▸ Work to be completed: Please restate word for word, and with nothing added, the lines that run from the one holding "degree=3, knots=knots, dxfattribs=at)" to the end of the entries below.

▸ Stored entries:
┌────────

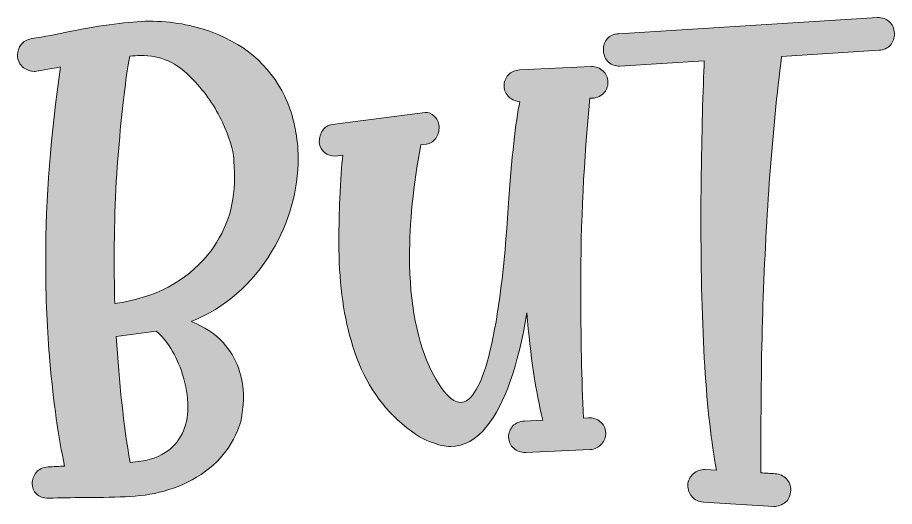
# Model space of a CAD drawing. Header units: inches. Extents: x 210 to 869, y -1009 to -70.
# Drawn here: x 370.7 to 709.4, y -843.8 to -655 of the extents above; entities that cross this region are included whole.
import ezdxf

# ---------------------------------------------------------------- set-up
doc = ezdxf.new("R2010")
doc.units = ezdxf.units.IN
doc.header["$MEASUREMENT"] = 0
doc.layers.add('Layer 1', color=7, linetype='Continuous')

# ---------------------------------------------------------------- blocks, each defined once
blk = doc.blocks.new('block 6')
at = {"layer": 'Layer 1', "true_color": 0x02c11a}
h = blk.add_hatch(color=102, dxfattribs=at)
h.dxf.hatch_style = 2
edge = h.paths.add_edge_path()
edge.add_spline(control_points=[(378.06, -838.91), (376.99, -837.85), (376.4, -836.43), (376.4, -834.9), (376.4, -833.36), (376.88, -831.94), (377.94, -830.65), (379, -829.35), (380.54, -828.64), (382.55, -828.52), (384.67, -828.4), (386.8, -828.28), (388.92, -828.17), (386.56, -817.18), (384.55, -803.72), (383.25, -787.78), (382.19, -776.44), (381.6, -763.33), (381.6, -748.45), (381.6, -724.83), (383.61, -700.03), (387.39, -674.05), (387.39, -674.05), (385.73, -674.4), (385.73, -674.4), (380.77, -675.34), (377.82, -675.82), (377.11, -675.82), (375.7, -675.82), (374.4, -675.34), (373.1, -674.4), (371.56, -673.34), (370.73, -671.56), (370.73, -669.44), (370.73, -668.02), (371.21, -666.72), (372.15, -665.42), (372.98, -664.24), (374.4, -663.53), (376.17, -663.18), (381.13, -662.35), (385.97, -661.53), (390.81, -660.46), (403.57, -657.87), (413.84, -656.57), (421.52, -656.45), (430.26, -656.45), (438.29, -657.87), (445.85, -660.7), (460.02, -666.01), (469.7, -675.11), (475.02, -687.86), (477.61, -694.36), (479.03, -701.44), (479.15, -709.12), (479.15, -721.88), (475.72, -733.92), (468.99, -745.26), (461.32, -758.01), (450.92, -766.99), (437.82, -772.42), (442.89, -774.31), (446.91, -777.03), (450.1, -780.45), (455.41, -786.36), (458.01, -793.56), (458.01, -801.83), (458.01, -803.25), (457.78, -805.49), (457.42, -808.56), (457.07, -811.51), (455.65, -815.17), (453.29, -819.31), (450.81, -823.44), (447.5, -827.1), (443.37, -830.17), (438.76, -833.48), (434.04, -835.84), (429.19, -837.26), (424.35, -838.79), (419.39, -839.62), (414.31, -839.86), (409.23, -840.21), (403.45, -840.33), (396.83, -840.33), (391.64, -840.33), (387.03, -840.45), (382.78, -840.57), (380.66, -840.57), (379.12, -839.98), (378.06, -838.91)], knot_values=[0, 0, 0, 0, 1, 1, 1, 2, 2, 2, 3, 3, 3, 4, 4, 4, 5, 5, 5, 6, 6, 6, 7, 7, 7, 8, 8, 8, 9, 9, 9, 10, 10, 10, 11, 11, 11, 12, 12, 12, 13, 13, 13, 14, 14, 14, 15, 15, 15, 16, 16, 16, 17, 17, 17, 18, 18, 18, 19, 19, 19, 20, 20, 20, 21, 21, 21, 22, 22, 22, 23, 23, 23, 24, 24, 24, 25, 25, 25, 26, 26, 26, 27, 27, 27, 28, 28, 28, 29, 29, 29, 30, 30, 30, 30], degree=3, periodic=1)
edge = h.paths.add_edge_path()
edge.add_spline(control_points=[(444.07, -746.79), (451.04, -738.29), (454.58, -728.25), (454.58, -716.8), (454.58, -715.62), (454.47, -713.25), (454.23, -709.71), (454, -706.05), (452.58, -701.33), (449.86, -695.42), (447.15, -689.63), (443.37, -684.08), (438.52, -679.01), (435.33, -675.58), (432.15, -673.22), (428.96, -671.8), (425.77, -670.38), (422.11, -669.68), (418.21, -669.68), (416.91, -669.68), (415.49, -669.79), (414.08, -669.91), (412.78, -676.64), (411.48, -687.04), (410.18, -701.09), (408.76, -716.09), (408.05, -732.03), (408.05, -749.04), (408.05, -754.35), (408.17, -759.79), (408.29, -765.45), (423.88, -763.21), (435.69, -756.95), (444.07, -746.79)], knot_values=[0, 0, 0, 0, 1, 1, 1, 2, 2, 2, 3, 3, 3, 4, 4, 4, 5, 5, 5, 6, 6, 6, 7, 7, 7, 8, 8, 8, 9, 9, 9, 10, 10, 10, 11, 11, 11, 11], degree=3, periodic=1)
edge = h.paths.add_edge_path()
edge.add_spline(control_points=[(427.78, -822.97), (433.56, -819.19), (436.52, -813.28), (436.52, -805.37), (436.52, -801.24), (435.81, -797.11), (434.51, -792.85), (431.91, -785.06), (428.48, -779.51), (424.23, -776.08), (424.23, -776.08), (408.88, -778.09), (408.88, -778.09), (409.94, -796.04), (411.71, -812.34), (414.2, -826.75), (419.98, -826.39), (424.47, -825.21), (427.78, -822.97)], knot_values=[0, 0, 0, 0, 1, 1, 1, 2, 2, 2, 3, 3, 3, 4, 4, 4, 5, 5, 5, 6, 6, 6, 6], degree=3, periodic=1)
h = blk.add_hatch(color=102, dxfattribs=at)
h.dxf.hatch_style = 2
edge = h.paths.add_edge_path()
edge.add_spline(control_points=[(635.61, -842.1), (633.84, -841.98), (632.3, -841.27), (631.24, -839.98), (630.17, -838.79), (629.58, -837.26), (629.58, -835.49), (629.7, -833.72), (630.41, -832.18), (631.71, -831.12), (633.01, -830.06), (634.54, -829.46), (636.32, -829.46), (636.32, -829.46), (640.69, -829.7), (640.69, -829.7), (636.67, -808.8), (634.66, -776.2), (634.66, -731.8), (634.66, -729.43), (634.66, -724.59), (634.78, -717.51), (634.9, -710.3), (635.02, -702.15), (635.25, -692.82), (635.49, -683.61), (635.73, -676.64), (635.96, -671.8), (635.96, -671.8), (603.25, -673.81), (603.25, -673.81), (601.71, -673.81), (600.3, -673.34), (599, -672.27), (597.82, -671.21), (597.11, -669.68), (596.99, -667.67), (596.99, -665.9), (597.46, -664.48), (598.53, -663.18), (599.59, -662), (601.12, -661.41), (602.89, -661.29), (602.89, -661.29), (702.81, -655.03), (702.81, -655.03), (704.7, -655.03), (706.23, -655.62), (707.53, -656.68), (708.71, -657.75), (709.3, -659.28), (709.42, -661.17), (709.42, -662.94), (708.95, -664.36), (707.89, -665.66), (706.82, -666.84), (705.29, -667.55), (703.52, -667.67), (703.52, -667.67), (665.84, -670.03), (665.84, -670.03), (662.18, -698.85), (659.82, -730.97), (658.64, -766.16), (658.05, -780.93), (657.81, -802.54), (657.81, -830.76), (659.7, -830.88), (661.59, -831), (663.36, -831.12), (665.13, -831.24), (666.67, -831.94), (667.73, -833.13), (668.79, -834.31), (669.38, -835.72), (669.38, -837.5), (669.27, -839.5), (668.56, -841.04), (667.38, -842.1), (666.08, -843.16), (664.54, -843.75), (662.77, -843.75), (662.77, -843.75), (635.61, -842.1), (635.61, -842.1)], knot_values=[0, 0, 0, 0, 1, 1, 1, 2, 2, 2, 3, 3, 3, 4, 4, 4, 5, 5, 5, 6, 6, 6, 7, 7, 7, 8, 8, 8, 9, 9, 9, 10, 10, 10, 11, 11, 11, 12, 12, 12, 13, 13, 13, 14, 14, 14, 15, 15, 15, 16, 16, 16, 17, 17, 17, 18, 18, 18, 19, 19, 19, 20, 20, 20, 21, 21, 21, 22, 22, 22, 23, 23, 23, 24, 24, 24, 25, 25, 25, 26, 26, 26, 27, 27, 27, 28, 28, 28, 28], degree=3, periodic=1)
h = blk.add_hatch(color=102, dxfattribs=at)
h.dxf.hatch_style = 2
edge = h.paths.add_edge_path()
edge.add_spline(control_points=[(562.4, -821.32), (561.1, -820.25), (560.51, -818.84), (560.39, -816.95), (560.39, -815.29), (560.98, -813.88), (562.04, -812.69), (563.11, -811.63), (564.64, -810.92), (566.41, -810.8), (566.41, -810.8), (573.62, -810.45), (573.62, -810.45), (570.9, -799.59), (568.78, -785.77), (567.48, -769), (564.05, -789.55), (558.86, -804.19), (552.01, -812.81), (547.87, -818.01), (543.27, -820.61), (537.95, -820.61), (535.94, -820.61), (533.35, -820.02), (530.16, -818.84), (526.85, -817.77), (522.6, -814.82), (517.4, -810.21), (509.14, -802.54), (503.11, -792.38), (499.57, -779.63), (496.38, -768.88), (494.85, -756.24), (494.85, -741.6), (494.85, -735.58), (494.96, -730.02), (495.2, -725.06), (495.55, -717.74), (495.91, -712.19), (496.38, -708.18), (496.38, -708.18), (493.55, -708.53), (493.55, -708.53), (491.78, -708.53), (490.36, -708.06), (489.29, -707.11), (488.23, -706.29), (487.52, -704.99), (487.29, -703.22), (487.29, -701.33), (487.76, -699.79), (488.59, -698.49), (489.41, -697.31), (490.71, -696.6), (492.25, -696.37), (492.25, -696.37), (528.15, -691.64), (528.15, -691.64), (529.45, -691.64), (530.63, -692.11), (531.69, -693.06), (532.76, -694), (533.35, -695.3), (533.58, -697.07), (533.58, -698.96), (533.11, -700.5), (532.28, -701.68), (531.46, -702.86), (530.16, -703.57), (528.62, -703.92), (528.62, -703.92), (526.5, -704.16), (526.5, -704.16), (523.54, -719.99), (522.13, -734.39), (522.13, -747.39), (522.13, -765.45), (525.08, -780.33), (530.87, -792.03), (534.88, -799.7), (538.54, -803.6), (541.85, -803.6), (545.63, -803.6), (549.05, -798.4), (552.13, -788.01), (555.43, -776.2), (558.03, -758.96), (559.68, -736.4), (559.68, -736.4), (560.27, -728.49), (560.27, -728.49), (561.57, -708.88), (563.11, -695.18), (564.76, -687.51), (563.11, -687.39), (561.69, -686.8), (560.63, -685.74), (559.45, -684.67), (558.74, -683.26), (558.62, -681.6), (558.62, -679.83), (559.21, -678.41), (560.27, -677.23), (561.34, -676.05), (562.87, -675.34), (564.64, -675.23), (564.64, -675.23), (592.28, -673.93), (592.28, -673.93), (594.05, -673.93), (595.59, -674.52), (596.88, -675.7), (598.06, -676.76), (598.66, -678.18), (598.77, -679.95), (598.77, -681.72), (598.18, -683.14), (597, -684.32), (595.82, -685.62), (594.05, -686.21), (591.81, -686.21), (589.44, -709.71), (588.26, -734.04), (588.26, -759.31), (588.26, -778.21), (588.62, -794.98), (589.33, -809.62), (589.33, -809.62), (591.22, -809.51), (591.22, -809.51), (592.99, -809.51), (594.52, -809.98), (595.82, -811.04), (597.12, -812.1), (597.83, -813.52), (597.95, -815.29), (597.95, -817.06), (597.36, -818.48), (596.29, -819.66), (595.11, -820.96), (593.7, -821.67), (591.92, -821.79), (591.92, -821.79), (567.01, -822.97), (567.01, -822.97), (565.12, -822.97), (563.58, -822.38), (562.4, -821.32)], knot_values=[0, 0, 0, 0, 1, 1, 1, 2, 2, 2, 3, 3, 3, 4, 4, 4, 5, 5, 5, 6, 6, 6, 7, 7, 7, 8, 8, 8, 9, 9, 9, 10, 10, 10, 11, 11, 11, 12, 12, 12, 13, 13, 13, 14, 14, 14, 15, 15, 15, 16, 16, 16, 17, 17, 17, 18, 18, 18, 19, 19, 19, 20, 20, 20, 21, 21, 21, 22, 22, 22, 23, 23, 23, 24, 24, 24, 25, 25, 25, 26, 26, 26, 27, 27, 27, 28, 28, 28, 29, 29, 29, 30, 30, 30, 31, 31, 31, 32, 32, 32, 33, 33, 33, 34, 34, 34, 35, 35, 35, 36, 36, 36, 37, 37, 37, 38, 38, 38, 39, 39, 39, 40, 40, 40, 41, 41, 41, 42, 42, 42, 43, 43, 43, 44, 44, 44, 45, 45, 45, 46, 46, 46, 47, 47, 47, 48, 48, 48, 49, 49, 49, 49], degree=3, periodic=1)
at = {"layer": 'Layer 1', "lineweight": 0}
for points, knots in [([(378.06, -838.91), (376.99, -837.85), (376.4, -836.43), (376.4, -834.9), (376.4, -833.36), (376.88, -831.94), (377.94, -830.65), (379, -829.35), (380.54, -828.64), (382.55, -828.52), (384.67, -828.4), (386.8, -828.28), (388.92, -828.17), (386.56, -817.18), (384.55, -803.72), (383.25, -787.78), (382.19, -776.44), (381.6, -763.33), (381.6, -748.45), (381.6, -724.83), (383.61, -700.03), (387.39, -674.05), (387.39, -674.05), (385.73, -674.4), (385.73, -674.4), (380.77, -675.34), (377.82, -675.82), (377.11, -675.82), (375.7, -675.82), (374.4, -675.34), (373.1, -674.4), (371.56, -673.34), (370.73, -671.56), (370.73, -669.44), (370.73, -668.02), (371.21, -666.72), (372.15, -665.42), (372.98, -664.24), (374.4, -663.53), (376.17, -663.18), (381.13, -662.35), (385.97, -661.53), (390.81, -660.46), (403.57, -657.87), (413.84, -656.57), (421.52, -656.45), (430.26, -656.45), (438.29, -657.87), (445.85, -660.7), (460.02, -666.01), (469.7, -675.11), (475.02, -687.86), (477.61, -694.36), (479.03, -701.44), (479.15, -709.12), (479.15, -721.88), (475.72, -733.92), (468.99, -745.26), (461.32, -758.01), (450.92, -766.99), (437.82, -772.42), (442.89, -774.31), (446.91, -777.03), (450.1, -780.45), (455.41, -786.36), (458.01, -793.56), (458.01, -801.83), (458.01, -803.25), (457.78, -805.49), (457.42, -808.56), (457.07, -811.51), (455.65, -815.17), (453.29, -819.31), (450.81, -823.44), (447.5, -827.1), (443.37, -830.17), (438.76, -833.48), (434.04, -835.84), (429.19, -837.26), (424.35, -838.79), (419.39, -839.62), (414.31, -839.86), (409.23, -840.21), (403.45, -840.33), (396.83, -840.33), (391.64, -840.33), (387.03, -840.45), (382.78, -840.57), (380.66, -840.57), (379.12, -839.98), (378.06, -838.91)], [0, 0, 0, 0, 1, 1, 1, 2, 2, 2, 3, 3, 3, 4, 4, 4, 5, 5, 5, 6, 6, 6, 7, 7, 7, 8, 8, 8, 9, 9, 9, 10, 10, 10, 11, 11, 11, 12, 12, 12, 13, 13, 13, 14, 14, 14, 15, 15, 15, 16, 16, 16, 17, 17, 17, 18, 18, 18, 19, 19, 19, 20, 20, 20, 21, 21, 21, 22, 22, 22, 23, 23, 23, 24, 24, 24, 25, 25, 25, 26, 26, 26, 27, 27, 27, 28, 28, 28, 29, 29, 29, 30, 30, 30, 30]), ([(635.61, -842.1), (633.84, -841.98), (632.3, -841.27), (631.24, -839.98), (630.17, -838.79), (629.58, -837.26), (629.58, -835.49), (629.7, -833.72), (630.41, -832.18), (631.71, -831.12), (633.01, -830.06), (634.54, -829.46), (636.32, -829.46), (636.32, -829.46), (640.69, -829.7), (640.69, -829.7), (636.67, -808.8), (634.66, -776.2), (634.66, -731.8), (634.66, -729.43), (634.66, -724.59), (634.78, -717.51), (634.9, -710.3), (635.02, -702.15), (635.25, -692.82), (635.49, -683.61), (635.73, -676.64), (635.96, -671.8), (635.96, -671.8), (603.25, -673.81), (603.25, -673.81), (601.71, -673.81), (600.3, -673.34), (599, -672.27), (597.82, -671.21), (597.11, -669.68), (596.99, -667.67), (596.99, -665.9), (597.46, -664.48), (598.53, -663.18), (599.59, -662), (601.12, -661.41), (602.89, -661.29), (602.89, -661.29), (702.81, -655.03), (702.81, -655.03), (704.7, -655.03), (706.23, -655.62), (707.53, -656.68), (708.71, -657.75), (709.3, -659.28), (709.42, -661.17), (709.42, -662.94), (708.95, -664.36), (707.89, -665.66), (706.82, -666.84), (705.29, -667.55), (703.52, -667.67), (703.52, -667.67), (665.84, -670.03), (665.84, -670.03), (662.18, -698.85), (659.82, -730.97), (658.64, -766.16), (658.05, -780.93), (657.81, -802.54), (657.81, -830.76), (659.7, -830.88), (661.59, -831), (663.36, -831.12), (665.13, -831.24), (666.67, -831.94), (667.73, -833.13), (668.79, -834.31), (669.38, -835.72), (669.38, -837.5), (669.27, -839.5), (668.56, -841.04), (667.38, -842.1), (666.08, -843.16), (664.54, -843.75), (662.77, -843.75), (662.77, -843.75), (635.61, -842.1), (635.61, -842.1)], [0, 0, 0, 0, 1, 1, 1, 2, 2, 2, 3, 3, 3, 4, 4, 4, 5, 5, 5, 6, 6, 6, 7, 7, 7, 8, 8, 8, 9, 9, 9, 10, 10, 10, 11, 11, 11, 12, 12, 12, 13, 13, 13, 14, 14, 14, 15, 15, 15, 16, 16, 16, 17, 17, 17, 18, 18, 18, 19, 19, 19, 20, 20, 20, 21, 21, 21, 22, 22, 22, 23, 23, 23, 24, 24, 24, 25, 25, 25, 26, 26, 26, 27, 27, 27, 28, 28, 28, 28]), ([(444.07, -746.79), (451.04, -738.29), (454.58, -728.25), (454.58, -716.8), (454.58, -715.62), (454.47, -713.25), (454.23, -709.71), (454, -706.05), (452.58, -701.33), (449.86, -695.42), (447.15, -689.63), (443.37, -684.08), (438.52, -679.01), (435.33, -675.58), (432.15, -673.22), (428.96, -671.8), (425.77, -670.38), (422.11, -669.68), (418.21, -669.68), (416.91, -669.68), (415.49, -669.79), (414.08, -669.91), (412.78, -676.64), (411.48, -687.04), (410.18, -701.09), (408.76, -716.09), (408.05, -732.03), (408.05, -749.04), (408.05, -754.35), (408.17, -759.79), (408.29, -765.45), (423.88, -763.21), (435.69, -756.95), (444.07, -746.79)], [0, 0, 0, 0, 1, 1, 1, 2, 2, 2, 3, 3, 3, 4, 4, 4, 5, 5, 5, 6, 6, 6, 7, 7, 7, 8, 8, 8, 9, 9, 9, 10, 10, 10, 11, 11, 11, 11]), ([(562.4, -821.32), (561.1, -820.25), (560.51, -818.84), (560.39, -816.95), (560.39, -815.29), (560.98, -813.88), (562.04, -812.69), (563.11, -811.63), (564.64, -810.92), (566.41, -810.8), (566.41, -810.8), (573.62, -810.45), (573.62, -810.45), (570.9, -799.59), (568.78, -785.77), (567.48, -769), (564.05, -789.55), (558.86, -804.19), (552.01, -812.81), (547.87, -818.01), (543.27, -820.61), (537.95, -820.61), (535.94, -820.61), (533.35, -820.02), (530.16, -818.84), (526.85, -817.77), (522.6, -814.82), (517.4, -810.21), (509.14, -802.54), (503.11, -792.38), (499.57, -779.63), (496.38, -768.88), (494.85, -756.24), (494.85, -741.6), (494.85, -735.58), (494.96, -730.02), (495.2, -725.06), (495.55, -717.74), (495.91, -712.19), (496.38, -708.18), (496.38, -708.18), (493.55, -708.53), (493.55, -708.53), (491.78, -708.53), (490.36, -708.06), (489.29, -707.11), (488.23, -706.29), (487.52, -704.99), (487.29, -703.22), (487.29, -701.33), (487.76, -699.79), (488.59, -698.49), (489.41, -697.31), (490.71, -696.6), (492.25, -696.37), (492.25, -696.37), (528.15, -691.64), (528.15, -691.64), (529.45, -691.64), (530.63, -692.11), (531.69, -693.06), (532.76, -694), (533.35, -695.3), (533.58, -697.07), (533.58, -698.96), (533.11, -700.5), (532.28, -701.68), (531.46, -702.86), (530.16, -703.57), (528.62, -703.92), (528.62, -703.92), (526.5, -704.16), (526.5, -704.16), (523.54, -719.99), (522.13, -734.39), (522.13, -747.39), (522.13, -765.45), (525.08, -780.33), (530.87, -792.03), (534.88, -799.7), (538.54, -803.6), (541.85, -803.6), (545.63, -803.6), (549.05, -798.4), (552.13, -788.01), (555.43, -776.2), (558.03, -758.96), (559.68, -736.4), (559.68, -736.4), (560.27, -728.49), (560.27, -728.49), (561.57, -708.88), (563.11, -695.18), (564.76, -687.51), (563.11, -687.39), (561.69, -686.8), (560.63, -685.74), (559.45, -684.67), (558.74, -683.26), (558.62, -681.6), (558.62, -679.83), (559.21, -678.41), (560.27, -677.23), (561.34, -676.05), (562.87, -675.34), (564.64, -675.23), (564.64, -675.23), (592.28, -673.93), (592.28, -673.93), (594.05, -673.93), (595.59, -674.52), (596.88, -675.7), (598.06, -676.76), (598.66, -678.18), (598.77, -679.95), (598.77, -681.72), (598.18, -683.14), (597, -684.32), (595.82, -685.62), (594.05, -686.21), (591.81, -686.21), (589.44, -709.71), (588.26, -734.04), (588.26, -759.31), (588.26, -778.21), (588.62, -794.98), (589.33, -809.62), (589.33, -809.62), (591.22, -809.51), (591.22, -809.51), (592.99, -809.51), (594.52, -809.98), (595.82, -811.04), (597.12, -812.1), (597.83, -813.52), (597.95, -815.29), (597.95, -817.06), (597.36, -818.48), (596.29, -819.66), (595.11, -820.96), (593.7, -821.67), (591.92, -821.79), (591.92, -821.79), (567.01, -822.97), (567.01, -822.97), (565.12, -822.97), (563.58, -822.38), (562.4, -821.32)], [0, 0, 0, 0, 1, 1, 1, 2, 2, 2, 3, 3, 3, 4, 4, 4, 5, 5, 5, 6, 6, 6, 7, 7, 7, 8, 8, 8, 9, 9, 9, 10, 10, 10, 11, 11, 11, 12, 12, 12, 13, 13, 13, 14, 14, 14, 15, 15, 15, 16, 16, 16, 17, 17, 17, 18, 18, 18, 19, 19, 19, 20, 20, 20, 21, 21, 21, 22, 22, 22, 23, 23, 23, 24, 24, 24, 25, 25, 25, 26, 26, 26, 27, 27, 27, 28, 28, 28, 29, 29, 29, 30, 30, 30, 31, 31, 31, 32, 32, 32, 33, 33, 33, 34, 34, 34, 35, 35, 35, 36, 36, 36, 37, 37, 37, 38, 38, 38, 39, 39, 39, 40, 40, 40, 41, 41, 41, 42, 42, 42, 43, 43, 43, 44, 44, 44, 45, 45, 45, 46, 46, 46, 47, 47, 47, 48, 48, 48, 49, 49, 49, 49]), ([(427.78, -822.97), (433.56, -819.19), (436.52, -813.28), (436.52, -805.37), (436.52, -801.24), (435.81, -797.11), (434.51, -792.85), (431.91, -785.06), (428.48, -779.51), (424.23, -776.08), (424.23, -776.08), (408.88, -778.09), (408.88, -778.09), (409.94, -796.04), (411.71, -812.34), (414.2, -826.75), (419.98, -826.39), (424.47, -825.21), (427.78, -822.97)], [0, 0, 0, 0, 1, 1, 1, 2, 2, 2, 3, 3, 3, 4, 4, 4, 5, 5, 5, 6, 6, 6, 6])]:
    blk.add_open_spline(points, degree=3, knots=knots, dxfattribs=at)
blk = doc.blocks.new('block 2')
at = {"layer": 'Layer 1'}
blk.add_blockref('block 6', (0, 0), dxfattribs=at)

msp = doc.modelspace()

# ---------------------------------------------------------------- block references
at = {"layer": 'Layer 1'}
msp.add_blockref('block 2', (0, 0), dxfattribs=at)

doc.saveas('drawing.dxf')

└────────

▸ Task result:
    blk.add_open_spline(points, degree=3, knots=knots, dxfattribs=at)
blk = doc.blocks.new('block 2')
at = {"layer": 'Layer 1'}
blk.add_blockref('block 6', (0, 0), dxfattribs=at)

msp = doc.modelspace()

# ---------------------------------------------------------------- block references
at = {"layer": 'Layer 1'}
msp.add_blockref('block 2', (0, 0), dxfattribs=at)

doc.saveas('drawing.dxf')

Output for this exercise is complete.